Lo tsunami dimenticato. Il primo tsunami (con riscontri oggettivi) verificatosi sulle nostre coste fu infatti generato proprio da una frana. Bisogna però viaggiare molto indietro nel tempo. All’incirca nel 6000 A.C., dunque ben 8000 anni fa, in pieno periodo neolitico, si verificò la catastrofe naturale più devastante che abbia mai interessato le coste italiane.
Venuto alla luce soltanto pochi anni fa, a seguito delle brillanti ricerche eseguite dall’INGV di Pisa sotto la direzione del Prof. Boschi (con la collaborazione dei geofisici Pareschi, Favalli e Mazzarini), questo tsunami è legato ad un impressionante movimento franoso, dell’ampiezza addirittura di 35 km cubici, con origine sul versante orientale dell’Etna, per la precisione nell’attuale Valle del Bove che tra l’altro deve la sua odierna conformazione geomorfologia (un’ampia concavità nella quale si raccolgono molti depositi lavici) proprio a questo evento.
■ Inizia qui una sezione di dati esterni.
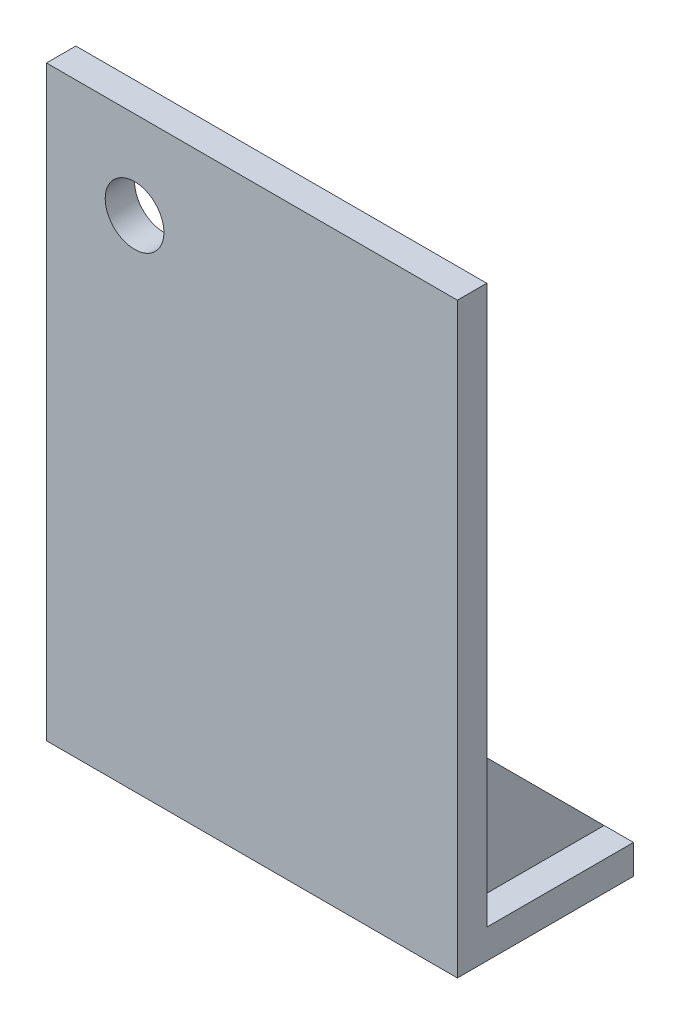
SolidWorks part; units mm, degrees
ref_plane "Front Plane" through (0, 0, 0) normal (0, 0, 1) x (1, 0, 0)
ref_plane "Top Plane" through (0, 0, 0) normal (0, 1, 0) x (1, 0, 0)
ref_plane "Right Plane" through (0, 0, 0) normal (1, 0, 0) x (0, 0, -1)
sketch "Sketch1" plane through (0, 0, 0) normal (0, 0, 1) x (1, 0, 0)
  line L0 (0, -15) -> (6.6093, -15) construction
  line L1 (5, 0) -> (70, 0)
  line L2 (0, -5) -> (0, -25)
  line L3 (5, -30) -> (40, -30)
  line L4 (70, 0) -> (70, -30)
  line L6 (70, -30) -> (70, -95)
  line L7 (70, -95) -> (40, -95)
  line L8 (40, -30) -> (40, -95)
  arc A1 (5, 0) -> (0, -5) centre (5, -5) ccw
  arc A2 (5, -30) -> (0, -25) centre (5, -25) cw
  dimension "D5" = 10
  dimension "D1" = 30
  dimension "D2" = 70
  dimension "D3" = 30
  dimension "D4" = 65
extrude "Boss-Extrude1" add sketch "Sketch1" along normal blind 5 contours L1 L4 L6 L7 L8 L3 A2 L2 A1
ref_plane "Plane1" through (55, 0, 0) normal (-1, 0, 0) x (0, 0, 1)
mirror "Mirror4" about plane through (55, 0, 0) normal (-1, 0, 0) of "Boss-Extrude1"
sketch "Sketch9" plane through (0, 0, 0) normal (0, 0, -1) x (-1, 0, 0)
  line L0 (-110, -5) -> (-110, -25) construction
  line L1 (-5, 0) -> (-105, 0) construction
  circle A0 centre (-95, -15) radius 5
  dimension "D1" = 10
  dimension "D2" = 15
  dimension "D3" = 15
extrude "Cut-Extrude4" cut sketch "Sketch9" against normal blind 10 contours A0
sketch "Sketch10" plane through (0, 0, 0) normal (0, 0, -1) x (-1, 0, 0)
  line L1 (-40, -30) -> (5.0273, -30)
  line L2 (-40, -30) -> (-40, 1.5058)
  line L3 (-40, 1.5058) -> (5.0273, 1.5058)
  line L4 (5.0273, -30) -> (5.0273, 1.5058)
extrude "Cut-Extrude5" cut sketch "Sketch10" against normal blind 10
sketch "Sketch11" plane through (0, 0, 0) normal (0, 0, -1) x (-1, 0, 0)
  line L0 (-110, -5) -> (-110, -25) construction
  line L1 (-40, 0) -> (-110, 0)
  line L2 (-40, 0) -> (-40, -95)
  line L3 (-40, -95) -> (-110, -95)
  line L4 (-110, 0) -> (-110, -95)
  line L5 (-70, -95) -> (-40, -95) construction
extrude "Boss-Extrude2" add sketch "Sketch11" against normal blind 5
sketch "Sketch12" plane through (0, 0, 0) normal (0, 0, -1) x (-1, 0, 0)
  line L0 (-40, 0) -> (-40, -95) construction
  line L2 (-40, 0) -> (-110, 0) construction
  circle A0 centre (-55, -15) radius 5
  dimension "D1" = 10
  dimension "D2" = 15
  dimension "D3" = 15
extrude "Cut-Extrude6" cut sketch "Sketch12" against normal blind 5
sketch "Sketch13" plane through (0, -95, 0) normal (0, -1, 0) x (1, 0, 0)
  line L0 (40, 5) -> (40, 0) construction
  line L1 (110, 5) -> (40, 5)
  line L2 (110, 5) -> (110, -25)
  line L3 (110, -25) -> (40, -25)
  line L4 (40, 5) -> (40, -25)
  dimension "D1" = 30
extrude "Boss-Extrude3" add sketch "Sketch13" along normal blind 5
ref_plane "Plane2" through (100, 0, 0) normal (1, 0, 0) x (0, 0, -1)
sketch "Sketch14" plane through (100, 0, 0) normal (1, 0, 0) x (0, 0, -1)
  line L0 (0, -70) -> (25, -95)
  line L1 (0, 0) -> (0, -95) construction
  line L2 (25, -95) -> (0, -95)
  line L3 (0, -95) -> (0, -70)
extrude "Boss-Extrude4" add sketch "Sketch14" along normal blind 5

Perforazioni del fondo marino, studi batimetrici ed un’accattivante quanto dettagliata ricostruzione al computer dell’evento (visibile sul web all’indirizzo www.pi.ingv.it/Focus/tsunami.html) consentono di aprire uno squarcio su un fenomeno talmente dimenticato e sconosciuto da essere chiamato “lost tsunami” ovvero lo “tsunami dimenticato” (o perduto). E talmente violento ed imponente, per forza ed estensione geografica, da guadagnarsi l’appellativo di “megatsunami”.
La causa della catastrofe al momento non è nota ma, a detta dello stesso Prof. Boschi, si ipotizzano due possibilità: una gigantesca eruzione dell’Etna oppure un violento terremoto. Entrambi i casi comunque avrebbero generato un enorme movimento franoso nel versante orientale del vulcano: in una decina di minuti il terreno franato, composto ovviamente da depositi lavici, sarebbe arrivato sul fondo dello Ionio, depositandosi fino a 20 km dalla costa e dando dunque inizio allo sconvolgimento marino ed allo sviluppo di onde enormi, alte certamente fino a 30 metri, forse anche 40.
La simulazione al computer dimostra che nel giro di pochi minuti le onde si sarebbero abbattute violentissime sulle coste siciliane, non riuscendo però verso Nord a penetrare nel Tirreno causa il blocco (geografico e batimetrico) formato dallo Stretto di Messina. In un quarto d’ora, viaggiando a velocità oscillanti tra i 200 ed i 700 km/h, sarebbero giunte sulle coste ioniche di Calabria e Puglia, quindi in Albania e poi in Grecia dove sarebbero arrivate circa due ore dopo e con altezze intorno ai 10-15 metri.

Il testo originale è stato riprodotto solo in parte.